# 750 Brute Force 4x4 actuator



## doug357 (Apr 26, 2010)

Hey guys, took off the front actuator and hooked it up to the battery. It turned. But still flashes 2 to 4wd. Whats the next couple of steps I should try?
Thanks for your help. Im probably kicking a ded horse here, cuz Ive seen this subject b4, just not the continuing steps and what to check and where the items are located.
Thanks.
Doug


----------



## IBBruin (Feb 10, 2009)

You'll need to time the flashes and let us know the intervals. Also, scroll all the way to the bottom of this page and you will see related questions like the one you asked.
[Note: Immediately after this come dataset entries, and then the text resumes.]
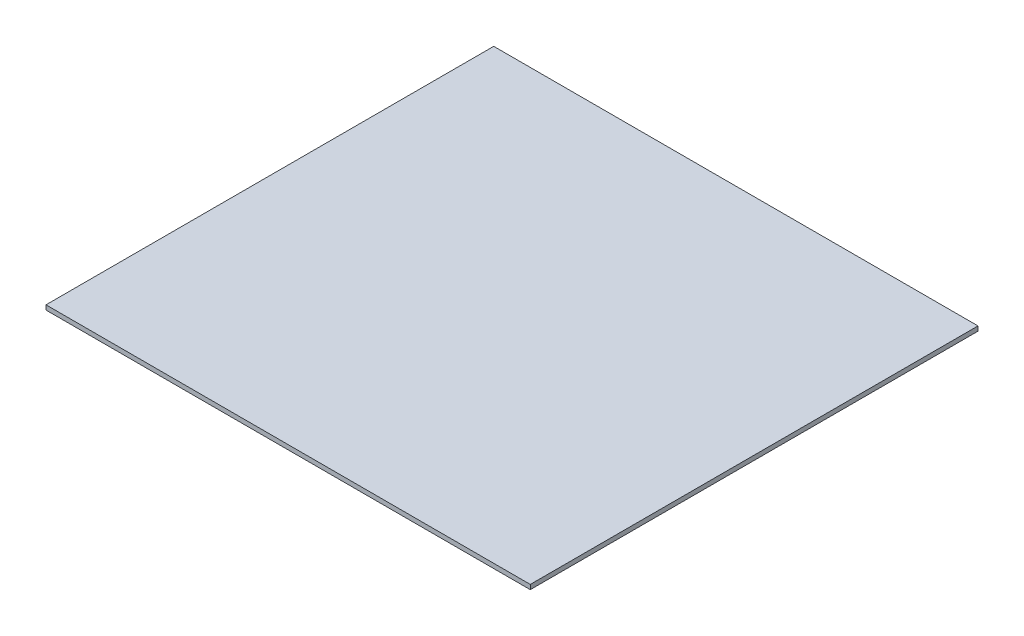
ISO-10303-21;
HEADER;
FILE_DESCRIPTION(('STEP AP214'),'2;1');
FILE_NAME('part.step','',(''),(''),'','','');
FILE_SCHEMA(('AUTOMOTIVE_DESIGN { 1 0 10303 214 1 1 1 1 }'));
ENDSEC;
DATA;
#1=APPLICATION_CONTEXT('core data for automotive mechanical design processes');
#2=APPLICATION_PROTOCOL_DEFINITION('international standard','automotive_design',2000,#1);
#3=PRODUCT_CONTEXT('',#1,'mechanical');
#4=PRODUCT('Part','Part','',(#3));
#5=PRODUCT_RELATED_PRODUCT_CATEGORY('part','',(#4));
#6=PRODUCT_DEFINITION_FORMATION('','',#4);
#7=PRODUCT_DEFINITION_CONTEXT('part definition',#1,'design');
#8=PRODUCT_DEFINITION('design','',#6,#7);
#9=PRODUCT_DEFINITION_SHAPE('','',#8);
#10=(LENGTH_UNIT() NAMED_UNIT(*) SI_UNIT(.MILLI.,.METRE.));
#11=(NAMED_UNIT(*) PLANE_ANGLE_UNIT() SI_UNIT($,.RADIAN.));
#12=(NAMED_UNIT(*) SI_UNIT($,.STERADIAN.) SOLID_ANGLE_UNIT());
#13=UNCERTAINTY_MEASURE_WITH_UNIT(LENGTH_MEASURE(1.E-05),#10,'distance_accuracy_value','');
#14=(GEOMETRIC_REPRESENTATION_CONTEXT(3) GLOBAL_UNCERTAINTY_ASSIGNED_CONTEXT((#13)) GLOBAL_UNIT_ASSIGNED_CONTEXT((#10,
#11,#12)) REPRESENTATION_CONTEXT('',''));
#15=CARTESIAN_POINT('',(0.,0.,0.));
#16=DIRECTION('',(0.,0.,1.));
#17=DIRECTION('',(1.,0.,0.));
#18=AXIS2_PLACEMENT_3D('',#15,#16,#17);
#19=CARTESIAN_POINT('',(-53.,1.,-49.));
#20=DIRECTION('',(1.,0.,0.));
#21=DIRECTION('',(0.,0.,-1.));
#22=AXIS2_PLACEMENT_3D('',#19,#20,#21);
#23=PLANE('',#22);
#24=DIRECTION('',(0.,0.,1.));
#25=VECTOR('',#24,1.);
#26=CARTESIAN_POINT('',(-53.,0.,-49.));
#27=LINE('',#26,#25);
#28=CARTESIAN_POINT('',(-53.,0.,-49.));
#29=VERTEX_POINT('',#28);
#30=CARTESIAN_POINT('',(-53.,0.,49.));
#31=VERTEX_POINT('',#30);
#32=EDGE_CURVE('E111',#29,#31,#27,.T.);
#33=ORIENTED_EDGE('',*,*,#32,.T.);
#34=DIRECTION('',(0.,-1.,0.));
#35=VECTOR('',#34,1.);
#36=CARTESIAN_POINT('',(-53.,1.,49.));
#37=LINE('',#36,#35);
#38=CARTESIAN_POINT('',(-53.,1.,49.));
#39=VERTEX_POINT('',#38);
#40=EDGE_CURVE('E11',#39,#31,#37,.T.);
#41=ORIENTED_EDGE('',*,*,#40,.F.);
#42=DIRECTION('',(0.,0.,1.));
#43=VECTOR('',#42,1.);
#44=CARTESIAN_POINT('',(-53.,1.,-49.));
#45=LINE('',#44,#43);
#46=CARTESIAN_POINT('',(-53.,1.,-49.));
#47=VERTEX_POINT('',#46);
#48=EDGE_CURVE('E95',#47,#39,#45,.T.);
#49=ORIENTED_EDGE('',*,*,#48,.F.);
#50=DIRECTION('',(0.,-1.,0.));
#51=VECTOR('',#50,1.);
#52=CARTESIAN_POINT('',(-53.,1.,-49.));
#53=LINE('',#52,#51);
#54=EDGE_CURVE('E107',#47,#29,#53,.T.);
#55=ORIENTED_EDGE('',*,*,#54,.T.);
#56=EDGE_LOOP('',(#33,#41,#49,#55));
#57=FACE_BOUND('',#56,.T.);
#58=ADVANCED_FACE('F43',(#57),#23,.F.);
#59=CARTESIAN_POINT('',(-53.,1.,49.));
#60=DIRECTION('',(0.,0.,-1.));
#61=DIRECTION('',(-1.,0.,0.));
#62=AXIS2_PLACEMENT_3D('',#59,#60,#61);
#63=PLANE('',#62);
#64=DIRECTION('',(1.,0.,0.));
#65=VECTOR('',#64,1.);
#66=CARTESIAN_POINT('',(-53.,0.,49.));
#67=LINE('',#66,#65);
#68=CARTESIAN_POINT('',(53.,0.,49.));
#69=VERTEX_POINT('',#68);
#70=EDGE_CURVE('E100',#31,#69,#67,.T.);
#71=ORIENTED_EDGE('',*,*,#70,.T.);
#72=DIRECTION('',(0.,-1.,0.));
#73=VECTOR('',#72,1.);
#74=CARTESIAN_POINT('',(53.,1.,49.));
#75=LINE('',#74,#73);
#76=CARTESIAN_POINT('',(53.,1.,49.));
#77=VERTEX_POINT('',#76);
#78=EDGE_CURVE('E52',#77,#69,#75,.T.);
#79=ORIENTED_EDGE('',*,*,#78,.F.);
#80=DIRECTION('',(1.,0.,0.));
#81=VECTOR('',#80,1.);
#82=CARTESIAN_POINT('',(-53.,1.,49.));
#83=LINE('',#82,#81);
#84=EDGE_CURVE('E90',#39,#77,#83,.T.);
#85=ORIENTED_EDGE('',*,*,#84,.F.);
#86=ORIENTED_EDGE('',*,*,#40,.T.);
#87=EDGE_LOOP('',(#71,#79,#85,#86));
#88=FACE_BOUND('',#87,.T.);
#89=ADVANCED_FACE('F99',(#88),#63,.F.);
#90=CARTESIAN_POINT('',(53.,1.,-49.));
#91=DIRECTION('',(-1.,0.,0.));
#92=DIRECTION('',(0.,0.,1.));
#93=AXIS2_PLACEMENT_3D('',#90,#91,#92);
#94=PLANE('',#93);
#95=DIRECTION('',(0.,0.,-1.));
#96=VECTOR('',#95,1.);
#97=CARTESIAN_POINT('',(53.,0.,-49.));
#98=LINE('',#97,#96);
#99=CARTESIAN_POINT('',(53.,0.,-49.));
#100=VERTEX_POINT('',#99);
#101=EDGE_CURVE('E77',#69,#100,#98,.T.);
#102=ORIENTED_EDGE('',*,*,#101,.T.);
#103=DIRECTION('',(0.,-1.,0.));
#104=VECTOR('',#103,1.);
#105=CARTESIAN_POINT('',(53.,1.,-49.));
#106=LINE('',#105,#104);
#107=CARTESIAN_POINT('',(53.,1.,-49.));
#108=VERTEX_POINT('',#107);
#109=EDGE_CURVE('E102',#108,#100,#106,.T.);
#110=ORIENTED_EDGE('',*,*,#109,.F.);
#111=DIRECTION('',(0.,0.,-1.));
#112=VECTOR('',#111,1.);
#113=CARTESIAN_POINT('',(53.,1.,-49.));
#114=LINE('',#113,#112);
#115=EDGE_CURVE('E93',#77,#108,#114,.T.);
#116=ORIENTED_EDGE('',*,*,#115,.F.);
#117=ORIENTED_EDGE('',*,*,#78,.T.);
#118=EDGE_LOOP('',(#102,#110,#116,#117));
#119=FACE_BOUND('',#118,.T.);
#120=ADVANCED_FACE('F103',(#119),#94,.F.);
#121=CARTESIAN_POINT('',(-53.,1.,-49.));
#122=DIRECTION('',(0.,0.,1.));
#123=DIRECTION('',(1.,0.,0.));
#124=AXIS2_PLACEMENT_3D('',#121,#122,#123);
#125=PLANE('',#124);
#126=DIRECTION('',(-1.,0.,0.));
#127=VECTOR('',#126,1.);
#128=CARTESIAN_POINT('',(-53.,0.,-49.));
#129=LINE('',#128,#127);
#130=EDGE_CURVE('E83',#100,#29,#129,.T.);
#131=ORIENTED_EDGE('',*,*,#130,.T.);
#132=ORIENTED_EDGE('',*,*,#54,.F.);
#133=DIRECTION('',(-1.,0.,0.));
#134=VECTOR('',#133,1.);
#135=CARTESIAN_POINT('',(-53.,1.,-49.));
#136=LINE('',#135,#134);
#137=EDGE_CURVE('E60',#108,#47,#136,.T.);
#138=ORIENTED_EDGE('',*,*,#137,.F.);
#139=ORIENTED_EDGE('',*,*,#109,.T.);
#140=EDGE_LOOP('',(#131,#132,#138,#139));
#141=FACE_BOUND('',#140,.T.);
#142=ADVANCED_FACE('F124',(#141),#125,.F.);
#143=CARTESIAN_POINT('',(0.,1.,0.));
#144=DIRECTION('',(0.,1.,0.));
#145=DIRECTION('',(0.,0.,1.));
#146=AXIS2_PLACEMENT_3D('',#143,#144,#145);
#147=PLANE('',#146);
#148=ORIENTED_EDGE('',*,*,#48,.T.);
#149=ORIENTED_EDGE('',*,*,#84,.T.);
#150=ORIENTED_EDGE('',*,*,#115,.T.);
#151=ORIENTED_EDGE('',*,*,#137,.T.);
#152=EDGE_LOOP('',(#148,#149,#150,#151));
#153=FACE_BOUND('',#152,.T.);
#154=ADVANCED_FACE('F91',(#153),#147,.T.);
#155=CARTESIAN_POINT('',(0.,0.,0.));
#156=DIRECTION('',(0.,1.,0.));
#157=DIRECTION('',(0.,0.,1.));
#158=AXIS2_PLACEMENT_3D('',#155,#156,#157);
#159=PLANE('',#158);
#160=ORIENTED_EDGE('',*,*,#32,.F.);
#161=ORIENTED_EDGE('',*,*,#130,.F.);
#162=ORIENTED_EDGE('',*,*,#101,.F.);
#163=ORIENTED_EDGE('',*,*,#70,.F.);
#164=EDGE_LOOP('',(#160,#161,#162,#163));
#165=FACE_BOUND('',#164,.T.);
#166=ADVANCED_FACE('F127',(#165),#159,.F.);
#167=CLOSED_SHELL('',(#58,#89,#120,#142,#154,#166));
#168=MANIFOLD_SOLID_BREP('B2',#167);
#169=ADVANCED_BREP_SHAPE_REPRESENTATION('',(#18,#168),#14);
#170=SHAPE_DEFINITION_REPRESENTATION(#9,#169);
ENDSEC;
END-ISO-10303-21;

Check em out, you may find your question already answered.


----------



## BleednGreen68 (Apr 19, 2010)

Could be as simple as low battery voltage. Depending on what yr yours is, the 750's had a bad spot in the wiring harness. They decided to for some reason to connect all the wires with a connection that goes no where. Its right above the fuel tank under the frame rail next to the gas filler. Its a rectangular area under gobs of electrical tape. Since brutes see a lot of mud, water seeps into this dumb connection and corrode everything. I've seen them get really hot and actually start melting wires. There was actually a recall on them. Mine did it. Most of the time the prob would be radiator fans would never come on or blow the fan breaker. It also affects other systems too. You basically cut out the dummy connection and just solder all the wires together. white to white, black to black etc etc. One of kawis many dumb ideas.


----------